We have: $A=U\Sigma V^{T}$ and therefore $A^{T}=V\Sigma^{T}U^{T}$
Where $U\in\mathbb{R}^{mxm},V\in\mathbb{R}^{nxn}$ are unitary matrices $(U^{-1}=U^{T}, V^{-1}=V^{T})$  and $\Sigma\in\mathbb{R}^{mxn}$ is a rectangular matrix containing only values on the diagonal.

From last problem:
$$(A^{T}A+\mu I_{n})\vec x_{r}=A^{T}\vec y$$
$$(V\Sigma^{T}U^{T}U\Sigma V^{T}+\mu I_{n})\vec x_{r}=V\Sigma^T U^{T}$$
$$(V\Sigma^{T}\Sigma V^{T}+\mu I_{n})\vec x_{r}=V\Sigma^T U^{T}$$
$$\mu I_{n}=\mu VV^{T}=V \mu V^{T}=V \mu I_{n} V^{T}$$
since multiplying a scalar with a matrix is commutative.
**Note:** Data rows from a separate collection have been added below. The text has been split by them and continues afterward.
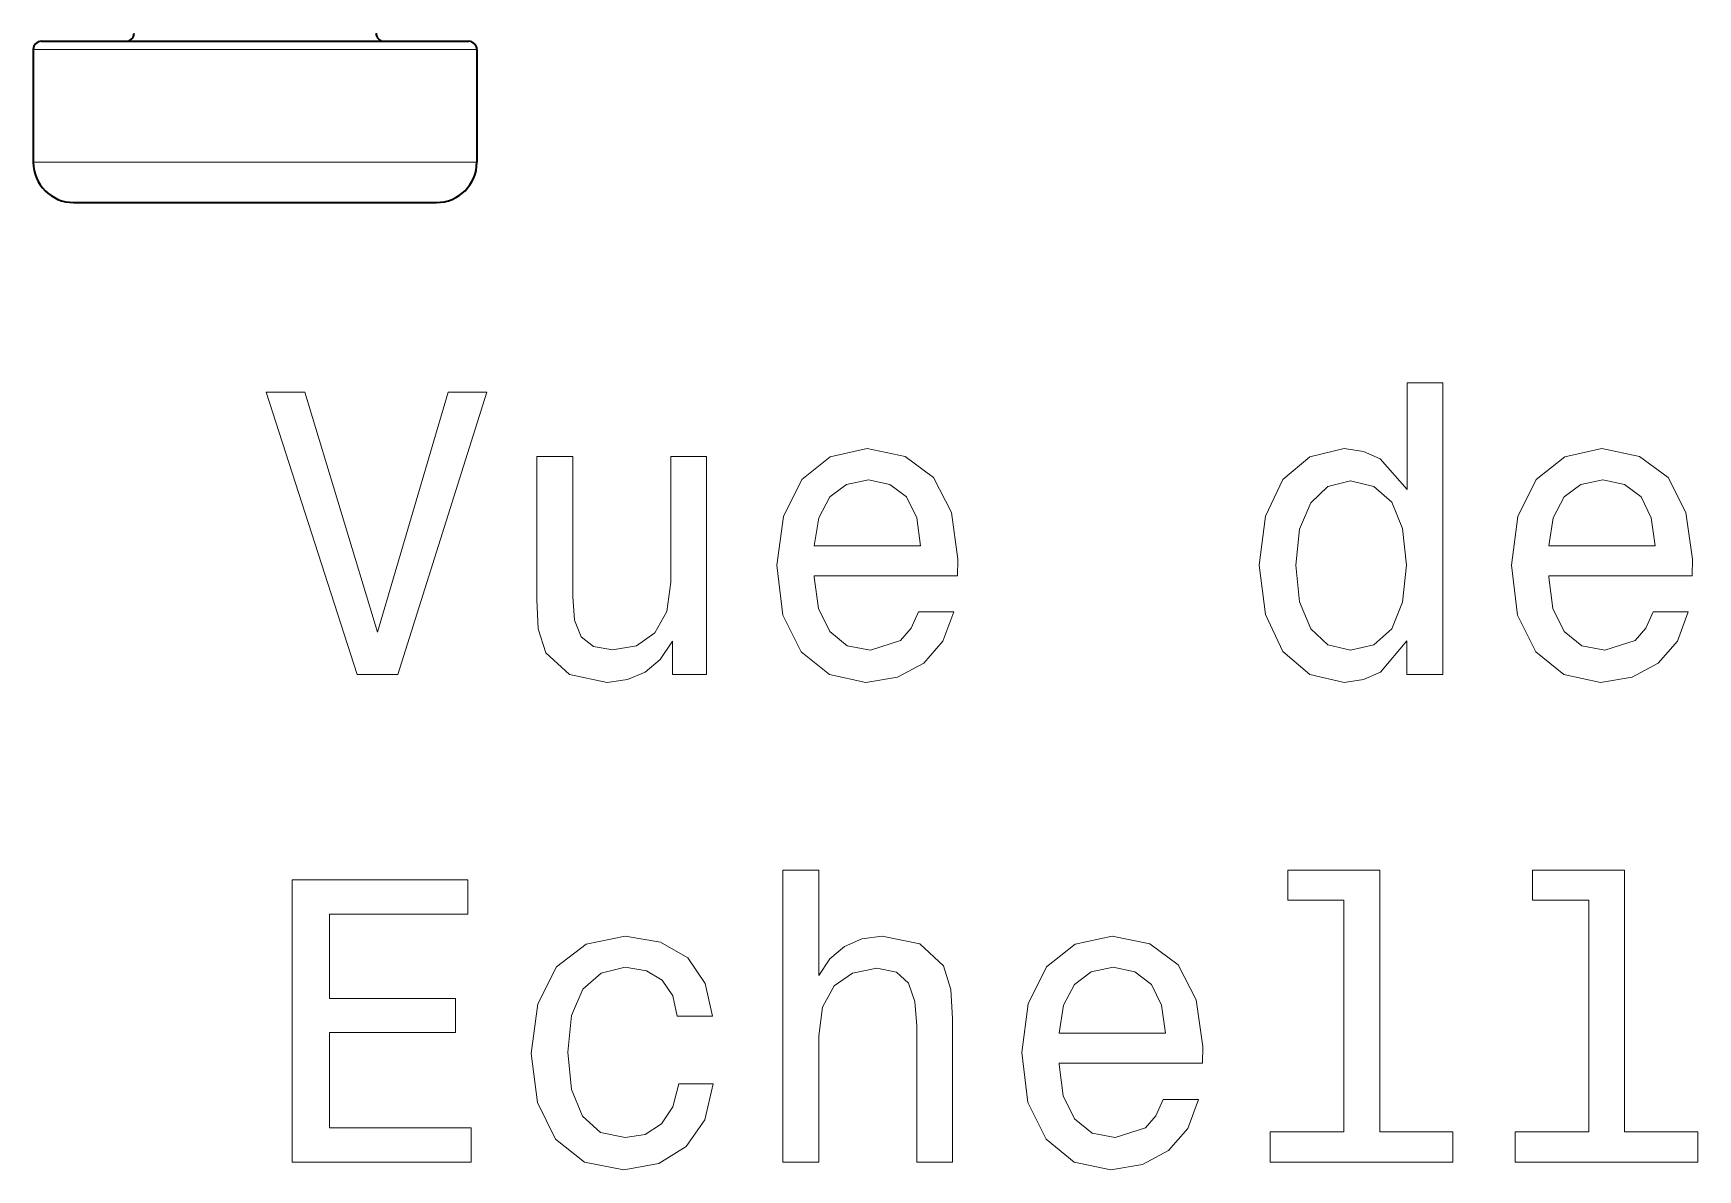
# Model space of a CAD drawing. Extents: x 502 to 772, y 351 to 502.
# Drawn here: x 591.75 to 612.39, y 351.49 to 365.59 of the extents above; entities that cross this region are included whole.
import ezdxf

# ---------------------------------------------------------------- set-up
doc = ezdxf.new("R2010")
doc.units = 0

msp = doc.modelspace()

# ---------------------------------------------------------------- linework, layer by layer
at = {"color": 7, "lineweight": 13, "ltscale": 0.035789}
for p, q in [((591.75, 365.387), (593.182, 365.387)), ((591.75, 363.987), (593.182, 363.987))]:
    msp.add_line(p, q, dxfattribs=at)
at = {"color": 7, "lineweight": 35, "ltscale": 0.035}
for p, q in [((591.75, 365.387), (591.75, 363.987)), ((597.25, 365.387), (597.25, 363.987))]:
    msp.add_line(p, q, dxfattribs=at)
at = {"color": 7, "lineweight": 35, "ltscale": 0.034488}
msp.add_line((591.85, 365.487), (593.229, 365.487), dxfattribs=at)
at = {"color": 7, "lineweight": 13, "ltscale": 0.101711}
for p, q in [((593.182, 365.387), (597.25, 365.387)), ((593.182, 363.987), (597.25, 363.987))]:
    msp.add_line(p, q, dxfattribs=at)
at = {"color": 7, "lineweight": 35, "ltscale": 0.098013}
msp.add_line((593.229, 365.487), (597.15, 365.487), dxfattribs=at)
at = {"color": 7, "lineweight": 35, "ltscale": 0.029282}
msp.add_line((592.25, 363.487), (593.421, 363.487), dxfattribs=at)
at = {"color": 7, "lineweight": 35, "ltscale": 0.083218}
msp.add_line((593.421, 363.487), (596.75, 363.487), dxfattribs=at)
at = {"color": 7, "lineweight": 13}
for points in [[(608.782, 358.049), (608.782, 357.63), (609.226, 357.63), (609.226, 361.251), (608.787, 361.251), (608.787, 359.925), (608.45, 360.308), (608.243, 360.399), (608.006, 360.434), (607.577, 360.333), (607.244, 360.051), (607.027, 359.597), (606.952, 358.987), (607.027, 358.377), (607.244, 357.918), (607.577, 357.63), (608.006, 357.534), (608.243, 357.57), (608.455, 357.66)], [(596.896, 361.135), (596.018, 358.155), (595.115, 361.135), (594.636, 361.135), (595.766, 357.63), (596.27, 357.63), (597.375, 361.135)], [(601.434, 358.856), (603.21, 358.856), (603.215, 359.062), (603.134, 359.642), (602.912, 360.076), (602.559, 360.338), (602.09, 360.434), (601.631, 360.333), (601.278, 360.051), (601.051, 359.592), (600.97, 358.987), (601.046, 358.366), (601.273, 357.913), (601.621, 357.63), (602.075, 357.534), (602.468, 357.6), (602.791, 357.771), (603.028, 358.044), (603.164, 358.407), (602.726, 358.407), (602.635, 358.205), (602.504, 358.054), (602.13, 357.933), (601.843, 357.988), (601.626, 358.165), (601.485, 358.452), (601.434, 358.841)], [(610.542, 358.856), (612.318, 358.856), (612.323, 359.062), (612.242, 359.642), (612.02, 360.076), (611.667, 360.338), (611.198, 360.434), (610.739, 360.333), (610.386, 360.051), (610.159, 359.592), (610.079, 358.987), (610.154, 358.366), (610.381, 357.913), (610.729, 357.63), (611.183, 357.534), (611.576, 357.6), (611.899, 357.771), (612.136, 358.044), (612.272, 358.407), (611.834, 358.407), (611.743, 358.205), (611.612, 358.054), (611.238, 357.933), (610.951, 357.988), (610.734, 358.165), (610.593, 358.452), (610.542, 358.841)], [(600.098, 360.338), (599.654, 360.338), (599.654, 358.775), (599.604, 358.412), (599.458, 358.15), (599.231, 357.988), (598.933, 357.938), (598.696, 357.978), (598.545, 358.099), (598.459, 358.306), (598.439, 358.598), (598.439, 360.338), (597.995, 360.338), (597.995, 358.558), (598.01, 358.2), (598.106, 357.902), (598.398, 357.63), (598.867, 357.534), (599.12, 357.57), (599.336, 357.66), (599.523, 357.817), (599.674, 358.044), (599.674, 357.63), (600.098, 357.63)], [(601.434, 359.229), (601.49, 359.577), (601.626, 359.834), (601.833, 359.99), (602.105, 360.046), (602.372, 359.99), (602.579, 359.834), (602.705, 359.577), (602.751, 359.229)], [(608.081, 360.036), (608.374, 359.965), (608.596, 359.768), (608.727, 359.441), (608.777, 358.987), (608.727, 358.528), (608.596, 358.2), (608.374, 357.998), (608.081, 357.933), (607.804, 357.998), (607.592, 358.2), (607.451, 358.533), (607.406, 358.987), (607.451, 359.436), (607.592, 359.763), (607.804, 359.965)], [(610.542, 359.229), (610.598, 359.577), (610.734, 359.834), (610.941, 359.99), (611.213, 360.046), (611.481, 359.99), (611.687, 359.834), (611.813, 359.577), (611.859, 359.229)], [(601.046, 351.583), (601.49, 351.583), (601.49, 353.147), (601.535, 353.505), (601.682, 353.767), (601.909, 353.928), (602.211, 353.989), (602.453, 353.939), (602.604, 353.802), (602.68, 353.575), (602.705, 353.273), (602.705, 351.583), (603.149, 351.583), (603.149, 353.364), (603.129, 353.722), (603.038, 354.019), (602.741, 354.292), (602.277, 354.387), (602.024, 354.352), (601.808, 354.256), (601.626, 354.105), (601.49, 353.898), (601.49, 355.204), (601.046, 355.204)], [(608.001, 354.831), (608.001, 351.957), (607.088, 351.957), (607.088, 351.583), (609.352, 351.583), (609.352, 351.957), (608.445, 351.957), (608.445, 355.204), (607.305, 355.204), (607.305, 354.831)], [(611.037, 354.831), (611.037, 351.957), (610.124, 351.957), (610.124, 351.583), (612.388, 351.583), (612.388, 351.957), (611.481, 351.957), (611.481, 355.204), (610.341, 355.204), (610.341, 354.831)], [(594.959, 351.583), (597.178, 351.583), (597.178, 352.007), (595.423, 352.007), (595.423, 353.192), (596.986, 353.192), (596.986, 353.611), (595.423, 353.611), (595.423, 354.66), (597.138, 354.66), (597.138, 355.083), (594.959, 355.083)], [(599.735, 353.394), (600.174, 353.394), (600.083, 353.797), (599.866, 354.115), (599.528, 354.312), (599.089, 354.387), (598.605, 354.286), (598.237, 354.004), (598.005, 353.545), (597.924, 352.93), (598, 352.32), (598.227, 351.866), (598.585, 351.583), (599.074, 351.487), (599.508, 351.563), (599.846, 351.775), (600.078, 352.108), (600.179, 352.552), (599.755, 352.552), (599.679, 352.269), (599.538, 352.057), (599.336, 351.926), (599.089, 351.886), (598.782, 351.951), (598.56, 352.153), (598.424, 352.481), (598.378, 352.945), (598.424, 353.399), (598.565, 353.727), (598.792, 353.928), (599.089, 353.999), (599.352, 353.954), (599.548, 353.838), (599.679, 353.646)], [(604.47, 352.809), (606.246, 352.809), (606.251, 353.016), (606.17, 353.596), (605.948, 354.029), (605.595, 354.292), (605.126, 354.387), (604.667, 354.286), (604.314, 354.004), (604.087, 353.545), (604.006, 352.94), (604.082, 352.32), (604.309, 351.866), (604.657, 351.583), (605.111, 351.487), (605.504, 351.553), (605.827, 351.725), (606.064, 351.997), (606.2, 352.36), (605.762, 352.36), (605.671, 352.158), (605.54, 352.007), (605.166, 351.886), (604.879, 351.941), (604.662, 352.118), (604.521, 352.405), (604.47, 352.794)], [(604.47, 353.182), (604.526, 353.53), (604.662, 353.787), (604.869, 353.944), (605.141, 353.999), (605.409, 353.944), (605.615, 353.787), (605.741, 353.53), (605.787, 353.182)]]:
    msp.add_lwpolyline(points, close=True, dxfattribs=at)
at = {"color": 7, "lineweight": 35}
for centre, radius, start, end in [((592.9, 365.587), 0.1, 270.0336, 359.9664), ((596.1, 365.587), 0.1, 180.0336, 269.9664), ((591.85, 365.387), 0.1, 90.0336, 179.9664), ((597.15, 365.387), 0.1, 0.0336, 89.9664), ((592.25, 363.987), 0.5, 180, 270), ((596.75, 363.987), 0.5, 270, 360)]:
    msp.add_arc(centre, radius, start, end, dxfattribs=at)

doc.saveas('drawing.dxf')

Putting this back in the original expression:
$$V(\Sigma^{T}\Sigma+\mu I_{n})V^{T}\vec x_{r}= V\Sigma^T U^{T} \vec y$$
$$\begin{align*}
\vec x_{r}&=(V(\Sigma^{T}\Sigma+\mu I_{n}) V^{T})^{-1}V\Sigma^T U^{T}\vec y\\
&=(V^{T})^{-1}(\Sigma^{T}\Sigma+\mu I_{n})^{-1}V^{-1}V\Sigma^T U^{T}\vec y\\
&=V(\Sigma^{T}\Sigma+\mu I_{n})^{-1}\Sigma^T U^{T}\vec y\\
\vec x_{r}&=VDU^{T}\vec y 
\end{align*}$$
Where
$$D=(\Sigma^{T}\Sigma+\mu I_{n})^{-1}\Sigma^T$$ 

 Let's compute this, using $\Sigma=diag(\sigma_{1},\dots,\sigma_{m})\in\mathbb{R}^{mxn}$ :
$$\begin{align*}
\Sigma^{T}\Sigma&=diag(\sigma_{1}^2,\dots \sigma_{m}^2,0,\dots 0)\in\mathbb{R}^{nxn}\\
\mu I_{n}&=diag(\mu,\dots,\mu)\in\mathbb{R}^{nxn}\\
\Sigma^{T}\Sigma+\mu I_{n}&=diag(\mu+ \sigma_{1}^2,\dots,\mu+\sigma_{m}^2,\mu,\dots,\mu)\in\mathbb{R}^{nxn}\\
(\Sigma^{T}\Sigma+\mu I_{n})^{-1}&=diag\left( \frac{1}{\mu+\sigma_{1}^2},\dots, \frac{1}{\mu+\sigma_{m}^2}, \frac{1}{\mu},\dots, \frac{1}{\mu}\right)\in\mathbb{R}^{nxn}\\
(\Sigma^{T}\Sigma+\mu I_{n})^{-1}\Sigma^{T}&=diag\left( \frac{\sigma_{1}}{\mu+\sigma_{1}^2} , \dots, \frac{\sigma_{m}}{\mu+\sigma_{m}^2}\right)\in\mathbb{R}^{nxm}
\end{align*}$$


### c)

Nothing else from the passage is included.